* Your task
Out of the lines below, please list those that hold the string "message".

* Dataset records
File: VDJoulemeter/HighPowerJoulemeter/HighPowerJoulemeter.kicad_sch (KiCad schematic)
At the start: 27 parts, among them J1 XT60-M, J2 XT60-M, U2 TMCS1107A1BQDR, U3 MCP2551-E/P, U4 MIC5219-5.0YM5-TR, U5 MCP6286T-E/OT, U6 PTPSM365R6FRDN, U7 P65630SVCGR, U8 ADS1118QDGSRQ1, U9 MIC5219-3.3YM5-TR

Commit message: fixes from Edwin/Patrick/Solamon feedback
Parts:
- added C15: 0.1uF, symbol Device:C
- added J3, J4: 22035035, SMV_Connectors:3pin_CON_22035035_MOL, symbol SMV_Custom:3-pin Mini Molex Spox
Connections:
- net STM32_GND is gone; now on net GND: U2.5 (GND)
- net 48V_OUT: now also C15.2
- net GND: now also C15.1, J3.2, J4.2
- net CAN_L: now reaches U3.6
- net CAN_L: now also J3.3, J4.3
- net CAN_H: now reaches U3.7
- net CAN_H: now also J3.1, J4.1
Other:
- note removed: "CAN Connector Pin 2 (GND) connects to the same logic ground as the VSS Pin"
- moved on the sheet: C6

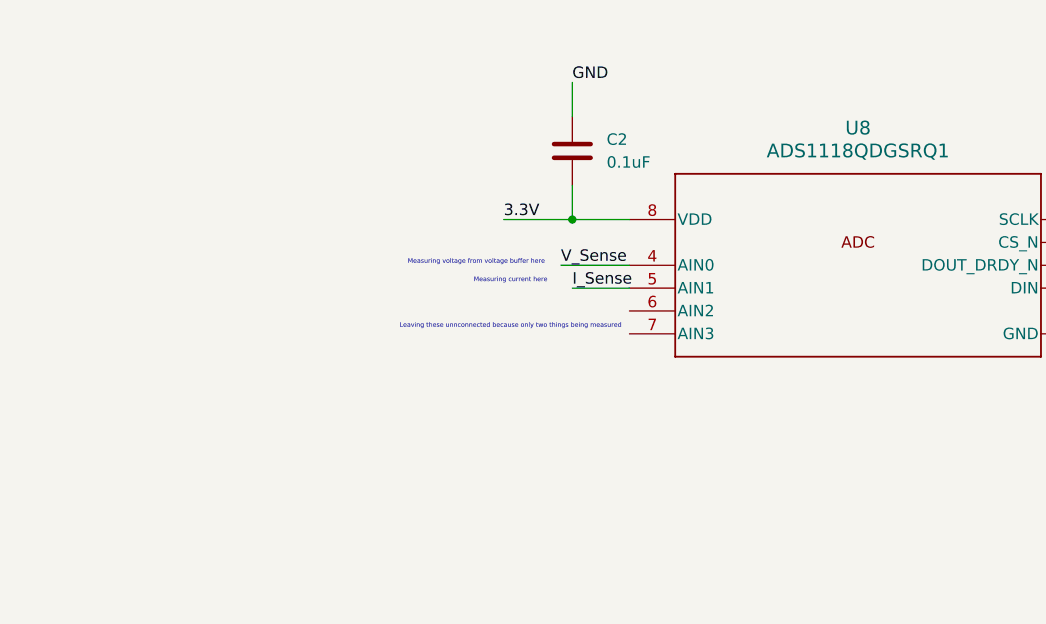
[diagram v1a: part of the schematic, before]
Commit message: added RC filters for ADC inputs
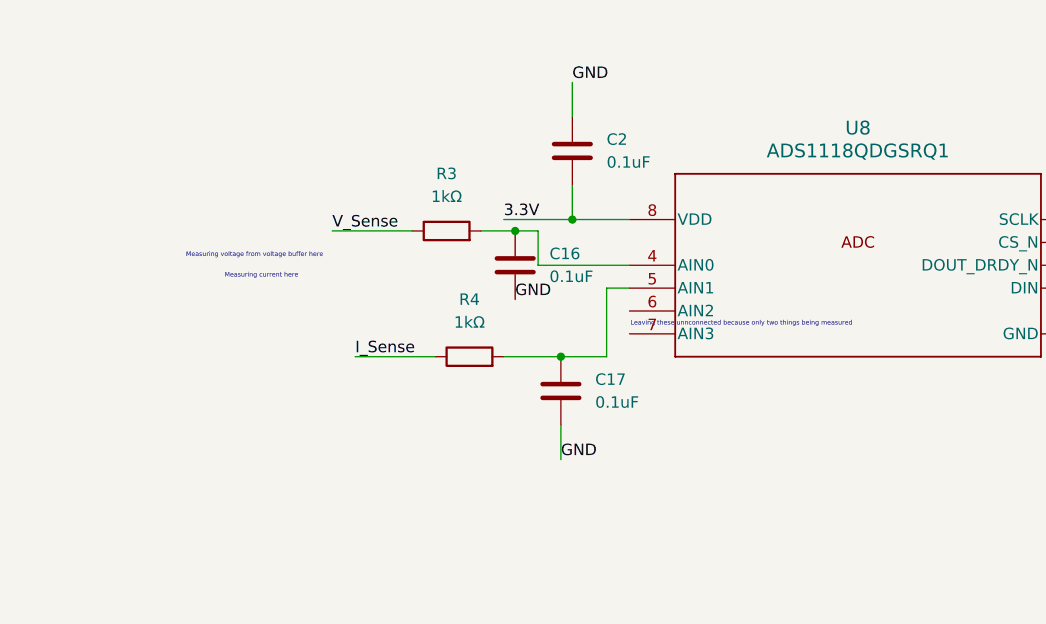
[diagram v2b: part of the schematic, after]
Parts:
- added C16, C17: 0.1uF, symbol Device:C
- added R3, R4: 1kΩ, symbol Device:R
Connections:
- net GND: now also C16.2, C17.2
- net I_Sense: now also R4.1; no longer U8.5 (AIN1)
- net V_Sense: now also R3.1; no longer U8.4 (AIN0)
- new net: C16.1, R3.2, U8.4 (AIN0)
- new net: C17.1, R4.2, U8.5 (AIN1)

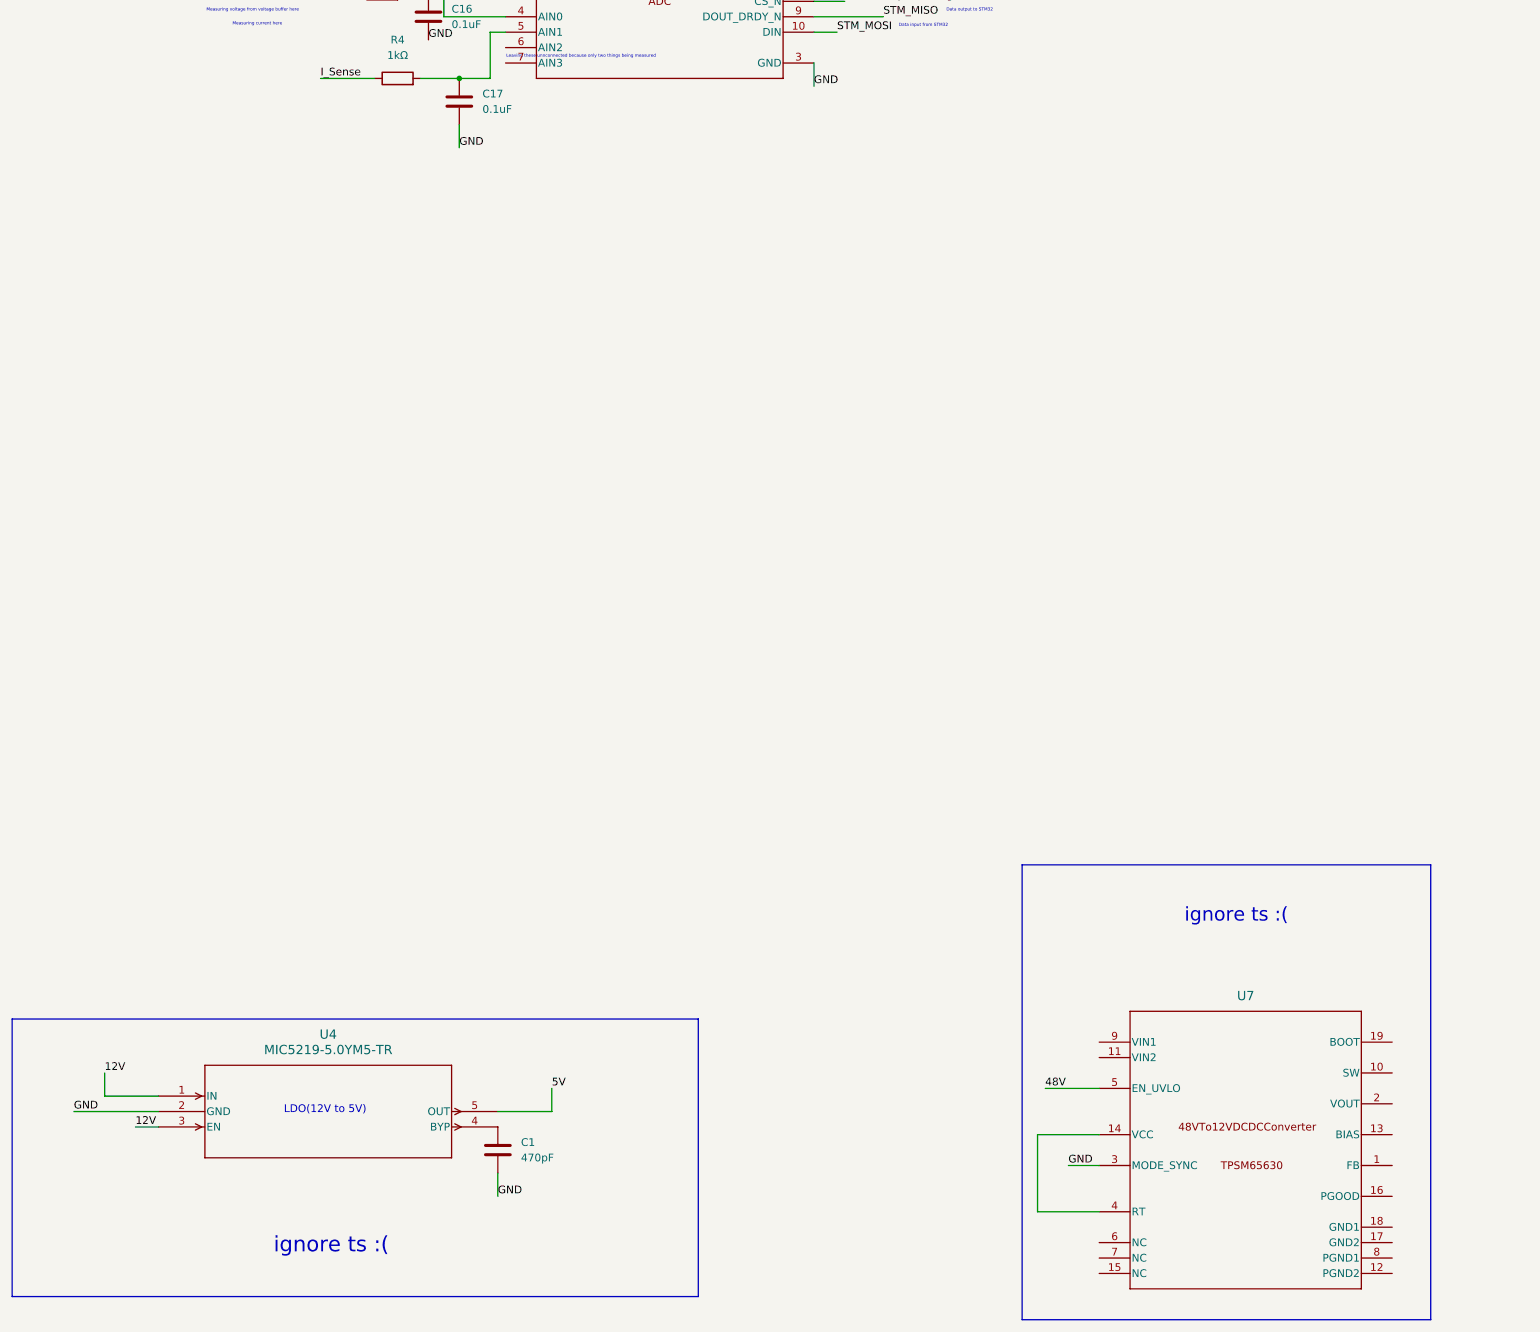
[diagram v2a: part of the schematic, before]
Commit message: still need to add test pads and power symbols
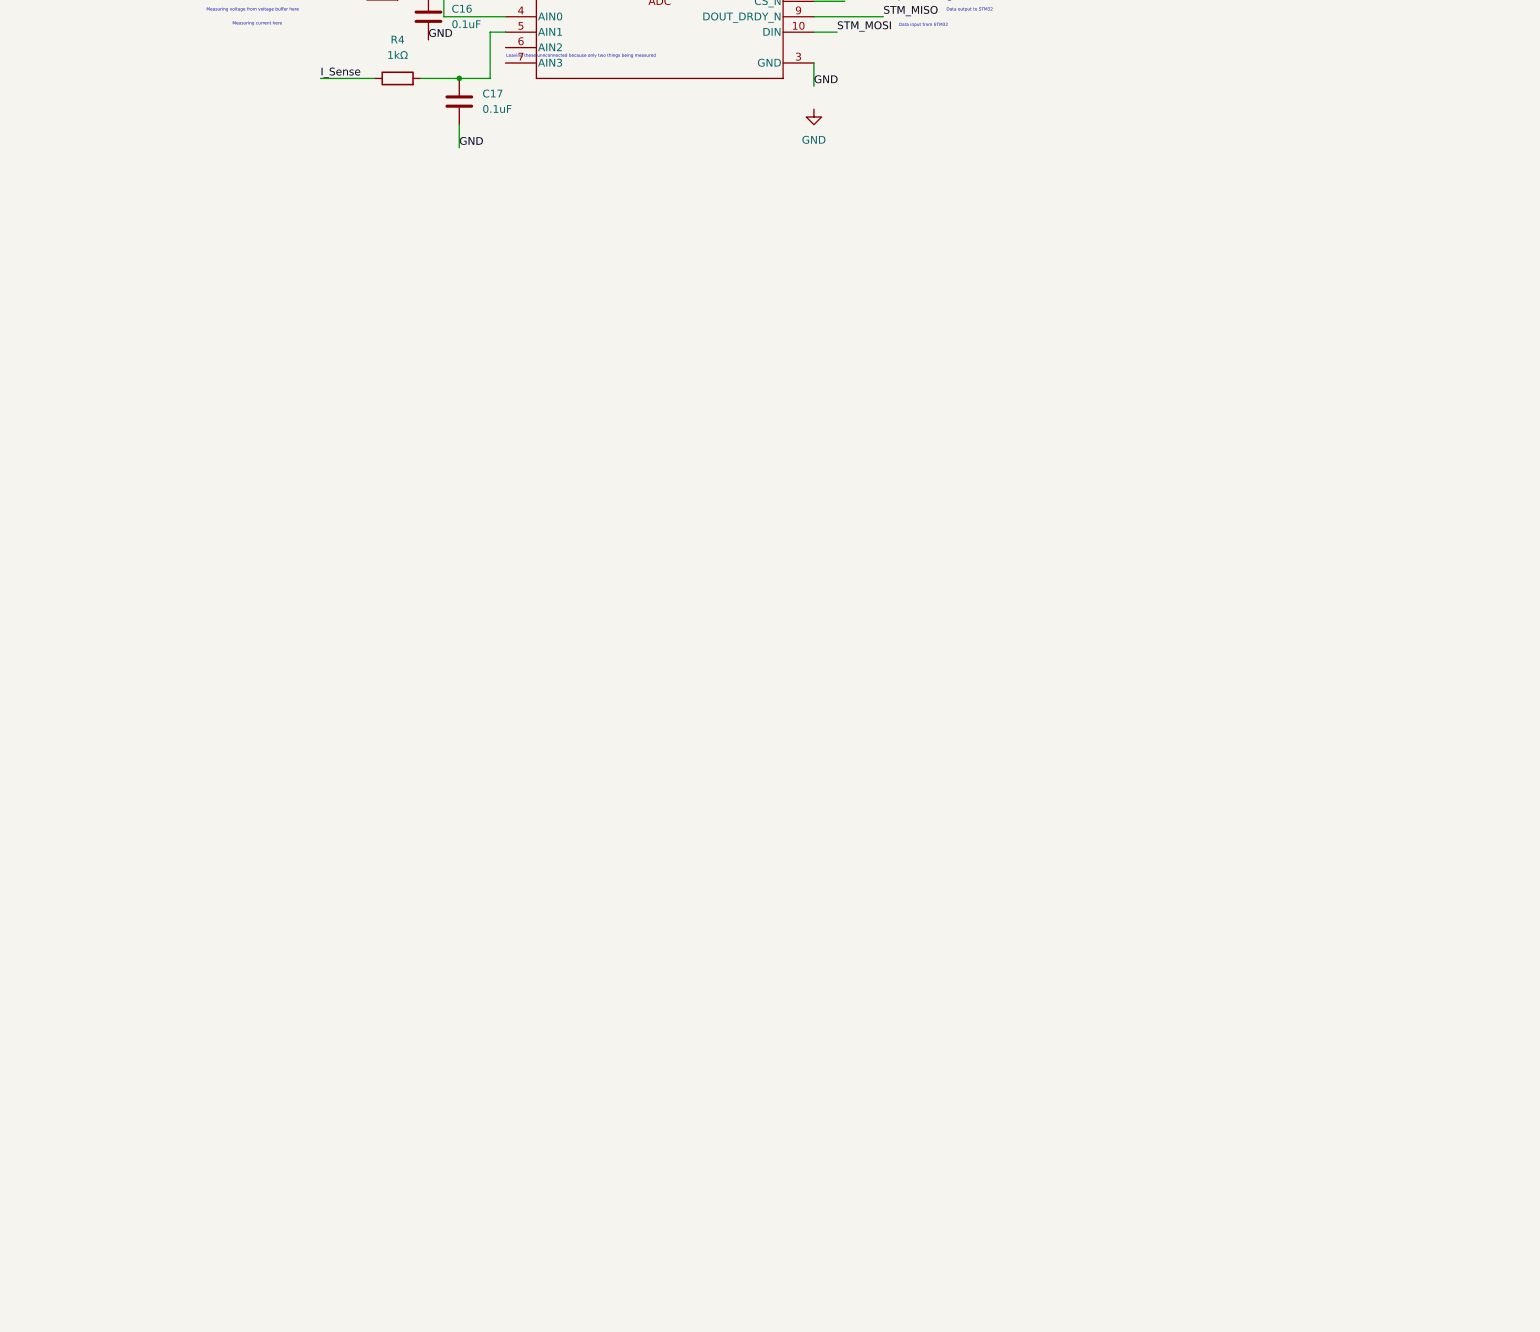
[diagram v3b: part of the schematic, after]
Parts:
- removed C1: 470pF, symbol Device:C
- removed U4: MIC5219-5.0YM5-TR, SOT-23-5_M5_MCH, symbol SMV_Custom:MIC5219-5.0YM5-TR
- removed U7: P65630SVCGR, VCG0019A-MFG, symbol SMV_Custom:P65630SVCGR
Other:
- note removed: "LDO(12V to 5V)"
- note removed: "ignore ts :("

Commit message: added symbols
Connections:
- net 5V: no longer C5.1, C8.1, C9.1, U3.3, U6.4 (VOUT), U6.9 (BIAS), U9.3 (EN)
- net 3.3V renamed +3.3V
- new net +5V: C5.1, C8.1, C9.1, U3.3, U6.4 (VOUT), U6.9 (BIAS), U9.3 (EN)
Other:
- moved on the sheet: C5, J3

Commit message: added some test pads
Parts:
- added TP1, TP2, TP3, TP4, TP5, TP6, TP7: TestPoint, symbol Connector:TestPoint
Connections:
- net 5V is gone; now on net +5V: U9.1 (IN)
- net +3.3V: now also TP7.1
- net +5V: now also TP5.1, TP6.1
- net 48V_IN: now also TP2.1
- net 48V_OUT: now also TP3.1, TP4.1
- net VoltageDividerOut: now also TP1.1
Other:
- moved on the sheet: C10, J2, R1, R2

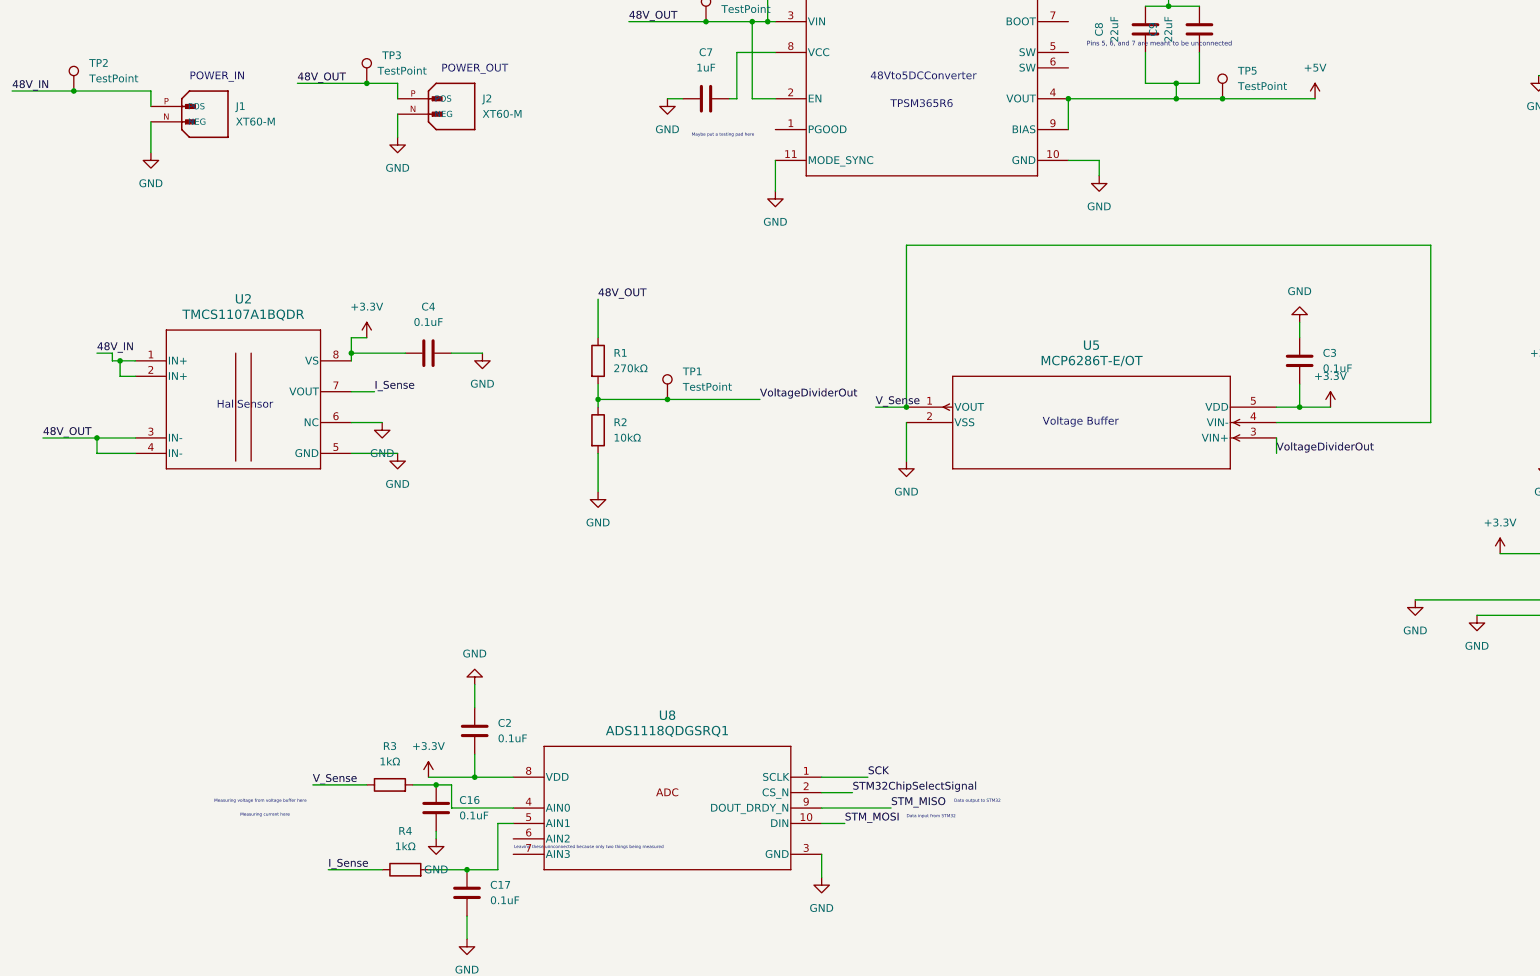
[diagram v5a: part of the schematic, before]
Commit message: Added and labeled multiple test pads
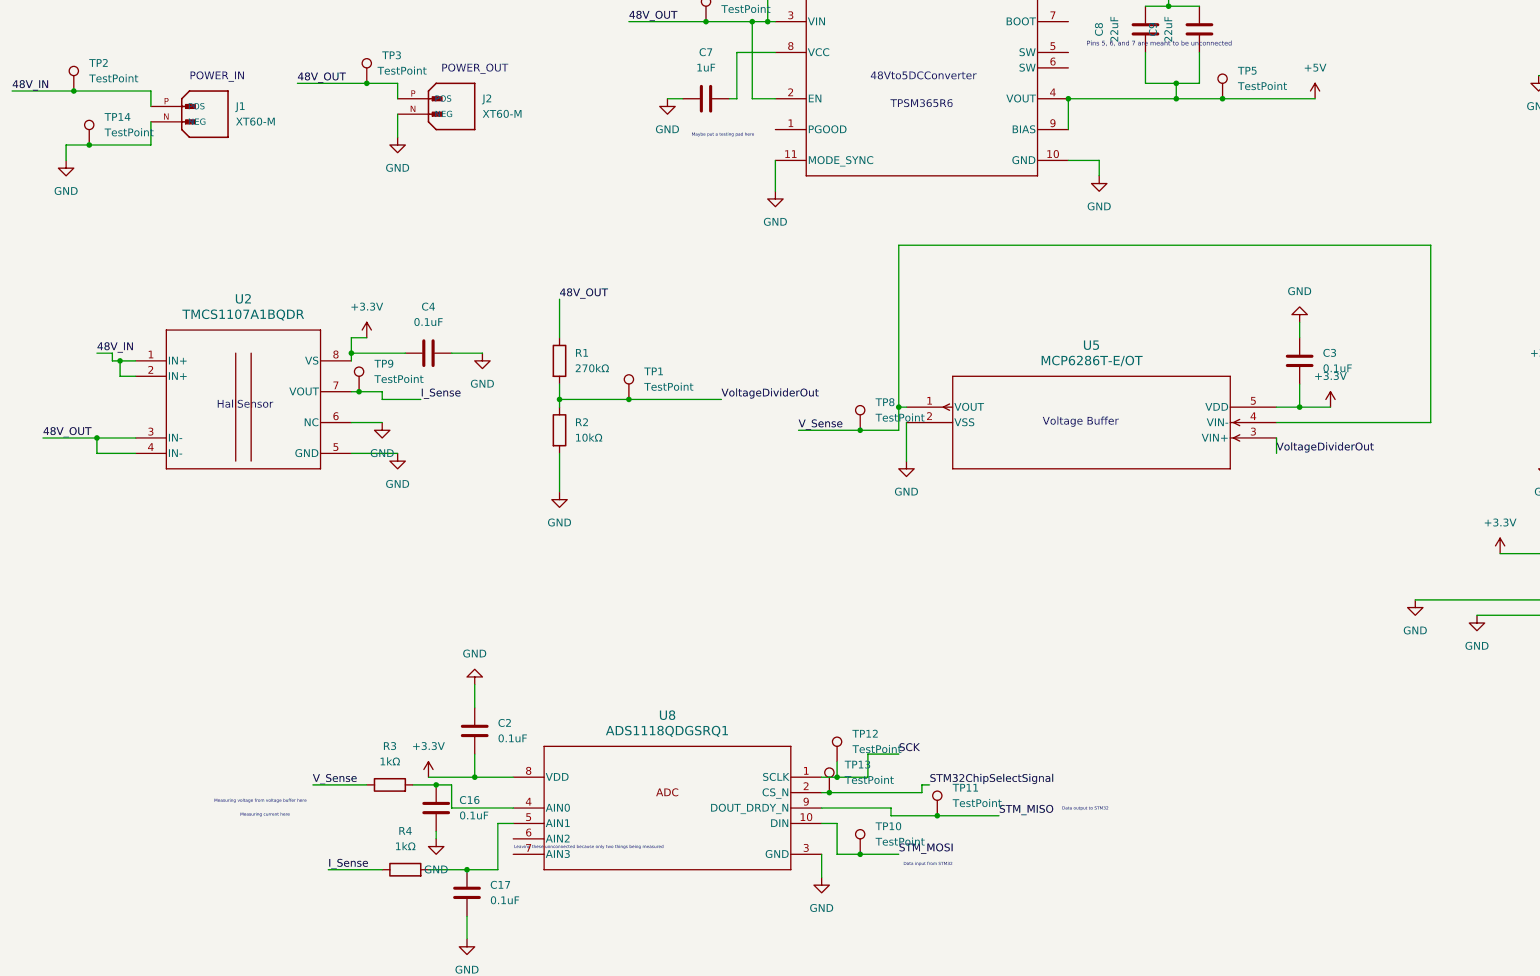
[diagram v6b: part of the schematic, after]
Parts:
- added TP10, TP11, TP12, TP13, TP14, TP8, TP9: TestPoint, symbol Connector:TestPoint
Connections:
- net GND: now also TP14.1
- net I_Sense: now also TP9.1
- net SCK: now also TP12.1
- net STM32ChipSelectSignal: now also TP13.1
- net STM_MISO: now also TP11.1
- net STM_MOSI: now also TP10.1
- net V_Sense: now also TP8.1
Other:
- moved on the sheet: R1, R2, TP1

* Exercise output
Commit message: fixes from Edwin/Patrick/Solamon feedback
Commit message: added RC filters for ADC inputs
Commit message: still need to add test pads and power symbols
Commit message: added symbols
Commit message: added some test pads
Commit message: Added and labeled multiple test pads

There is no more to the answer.